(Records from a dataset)
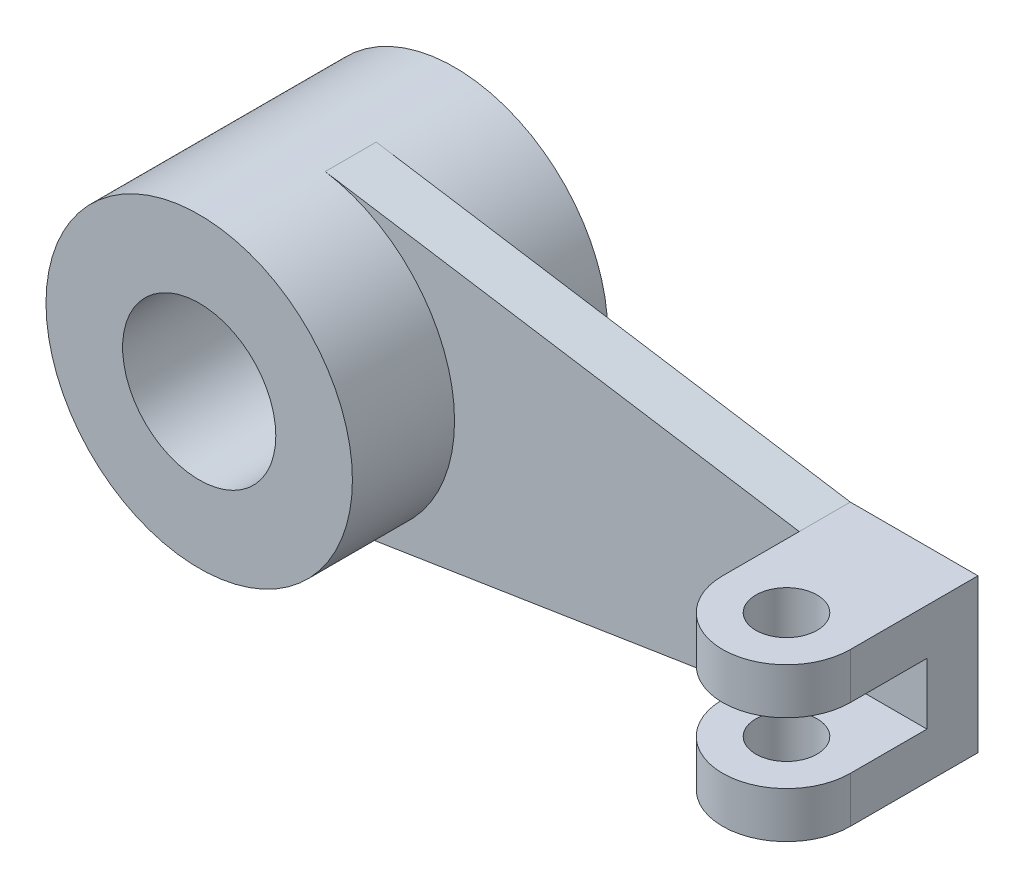
from build123d import *

# Parameters (mm, degrees)
SKETCH1_R           = 300
SKETCH1_R_2         = 150
BOSS_EXTRUDE1_DEPTH = 250
BOSS_EXTRUDE2_DEPTH = 50
SKETCH3_R           = 60
BOSS_EXTRUDE3_DEPTH = 90
SKETCH4_R           = 60
BOSS_EXTRUDE4_DEPTH = 90


with BuildPart() as part:
    # Sketch1 → Boss-Extrude1 (new body, symmetric)
    with BuildSketch(Plane.XY):
        Circle(SKETCH1_R)
        Circle(SKETCH1_R_2, mode=Mode.SUBTRACT)
    extrude(amount=BOSS_EXTRUDE1_DEPTH, both=True)

    # Sketch2 → Boss-Extrude2 (add, symmetric)
    with BuildSketch(Plane.XY):
        with BuildLine():
            Line((46.716887563, 296.340230844), (975, 150))
            Line((975, 150), (1225, 150))
            Line((1225, 150), (1225, -150))
            Line((1225, -150), (975, -150))
            Line((975, -150), (46.716887563, -296.340230844))
            ThreePointArc((46.716887563, -296.340230844), (300, 0), (46.716887563, 296.340230844))
        make_face()
    extrude(amount=BOSS_EXTRUDE2_DEPTH, both=True)

    # Sketch3 → Boss-Extrude3 (add)
    with BuildSketch(Plane.XZ.offset(150)):
        with BuildLine():
            Line((975, 50), (975, 200))
            ThreePointArc((975, 200), (1100, 325), (1225, 200))
            Line((1225, 200), (1225, 50))
            Line((1225, 50), (975, 50))
        make_face()
        with Locations(Location((1100, 200, 0), (0, 0, 270))):  # turned: the seam where the file's is
            Circle(SKETCH3_R, mode=Mode.SUBTRACT)
    extrude(amount=-BOSS_EXTRUDE3_DEPTH)

    # Sketch4 → Boss-Extrude4 (add)
    with BuildSketch(Plane(origin=(0, 150, 0), x_dir=(1, 0, 0), z_dir=(0, 1, 0))):
        with BuildLine():
            Line((975, -200), (975, -50))
            Line((975, -50), (1225, -50))
            Line((1225, -50), (1225, -200))
            ThreePointArc((1225, -200), (1100, -325), (975, -200))
        make_face()
        with Locations(Location((1100, -200, 0), (0, 0, 90))):  # turned: the seam where the file's is
            Circle(SKETCH4_R, mode=Mode.SUBTRACT)
    extrude(amount=-BOSS_EXTRUDE4_DEPTH)


solid = part.part

- [Description of the task]
If a line in the data above includes the string "seam", copy it.

- [Solution below]
        with Locations(Location((1100, 200, 0), (0, 0, 270))):  # turned: the seam where the file's is
        with Locations(Location((1100, -200, 0), (0, 0, 90))):  # turned: the seam where the file's is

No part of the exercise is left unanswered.